3. For details on JOLT spec, you may refer to the following link: 
https://jolt-demo.appspot.com/

Hope this helps.
Thanks 
Oliver Gong

avatar
Contributor

Attached the corresponding screenshots to cover the detail on implementation.
0. The whole data flow is like:

OliverGong_0-1642403823058.png

 



1.GenerateFlowFile:

OliverGong_1-1642403058287.png


2. ConvertRecord:

OliverGong_2-1642403099646.png

2.1 CSV Reader(LG CSVReader):

OliverGong_3-1642403167599.png

2.2 JsonRecordSetWriter (LG JsonRecordSetWriter):

OliverGong_4-1642403271422.png

3. JoltTransformJSON

OliverGong_5-1642403330677.png

 3.1 JoltTransformJSON - Advanced Mode:
OliverGong_0-1642402987008.png


Should you have any questions, just feel free to contact me.
Thanks,
Oliver Gong

avatar
New Contributor

Thanks for the solution! It solves my use case perfectly.

Just one question though.
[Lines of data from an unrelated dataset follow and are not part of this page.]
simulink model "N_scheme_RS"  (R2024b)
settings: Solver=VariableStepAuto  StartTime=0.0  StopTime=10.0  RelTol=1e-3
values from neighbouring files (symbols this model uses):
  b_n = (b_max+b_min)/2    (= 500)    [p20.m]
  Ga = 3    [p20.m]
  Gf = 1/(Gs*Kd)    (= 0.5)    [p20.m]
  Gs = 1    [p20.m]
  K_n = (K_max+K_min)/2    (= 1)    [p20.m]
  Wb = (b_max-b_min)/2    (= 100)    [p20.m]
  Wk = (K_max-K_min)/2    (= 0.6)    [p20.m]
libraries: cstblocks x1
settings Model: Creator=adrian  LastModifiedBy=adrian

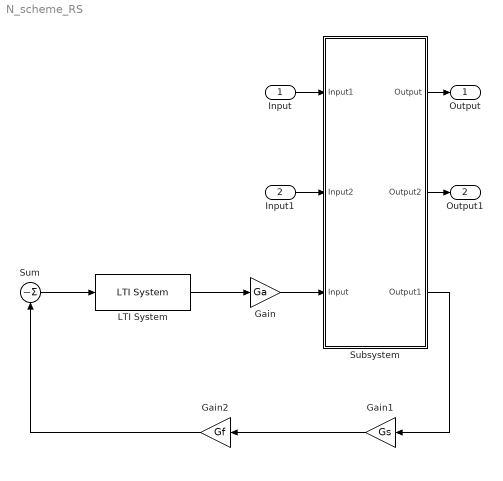
== system N_scheme_RS ==
  Input : Inport
  Input1 : Inport  Port=2
  Gain : Gain  Gain=Ga
  Gain1 : Gain  Gain=Gs
  Gain2 : Gain  Gain=Gf
  LTI System : cstblocks/LTI System  sys=Gc  IC=[]  PadeOrder=0
  Subsystem : Subsystem
  Sum : Sum  Inputs=|-
  Output : Outport
  Output1 : Outport  Port=2
  wires:
  Input/1 -> Subsystem/1(Input1)
  Input1/1 -> Subsystem/2(Input2)
  Gain/1 -> Subsystem/3(Input)
  LTI System/1 -> Gain/1
  Gain1/1 -> Gain2/1
  Subsystem/3(Output1) -> Gain1/1
  Subsystem/1(Output) -> Output/1
  Subsystem/2(Output2) -> Output1/1
  Sum/1 -> LTI System/1
  Gain2/1 -> Sum/1

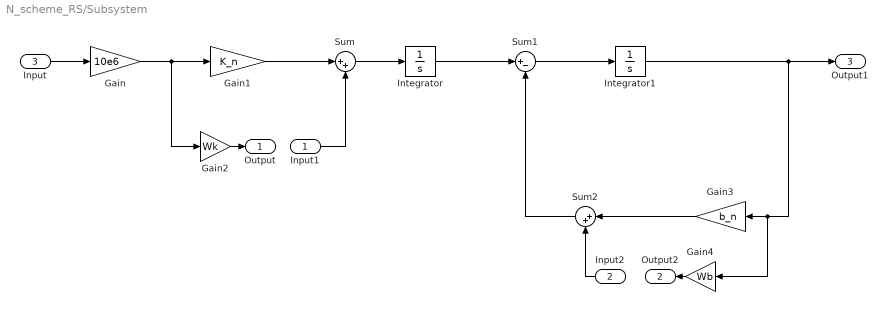
== system N_scheme_RS/Subsystem ==
  Input1 : Inport
  Input2 : Inport  Port=2
  Input : Inport  Port=3
  Gain : Gain  Gain=10e6
  Gain1 : Gain  Gain=K_n
  Gain2 : Gain  Gain=Wk
  Gain3 : Gain  Gain=b_n
  Gain4 : Gain  Gain=Wb
  Integrator : Integrator
  Integrator1 : Integrator
  Sum : Sum  Inputs=|++
  Sum1 : Sum  Inputs=|+-
  Sum2 : Sum  Inputs=|++
  Output : Outport
  Output2 : Outport  Port=2
  Output1 : Outport  Port=3
  wires:
  Gain/1 -> Gain2/1, Gain1/1
  Input/1 -> Gain/1
  Gain1/1 -> Sum/1
  Gain2/1 -> Output/1
  Input1/1 -> Sum/2
  Sum/1 -> Integrator/1
  Integrator/1 -> Sum1/1
  Sum1/1 -> Integrator1/1
  Integrator1/1 -> Gain4/1, Gain3/1, Output1/1
  Gain4/1 -> Output2/1
  Gain3/1 -> Sum2/1
  Input2/1 -> Sum2/2
  Sum2/1 -> Sum1/2

I expect the input JSON to the Jolt processor to be somewhat large (larger than the available RAM). In that case, is it absolutely necessary to split the input into multiple files?

avatar
Contributor

Glad to hear that works for you!
Though we can split the raw csv or json content into a smaller size just in case of OOM issue when doing the shifting stuff on JoltTransformJSON, it may cause other issue like:
- result from JoltTransformJSON is not complete. That means, some part of the same user data ( with different bill_date)  may be wrapped in the other flow files. In such case, we will need to merge them back as a whole.

- It would be better if we can keep raw csv data in some DB table. Then drag out the data rows with a specified limit--> we can use "split pages" way to query on such table, 
- We can then easily fetch a logical completed data to do the rest shift things. With such completed result, we don't need to worry about the data is not an info-incomplete one.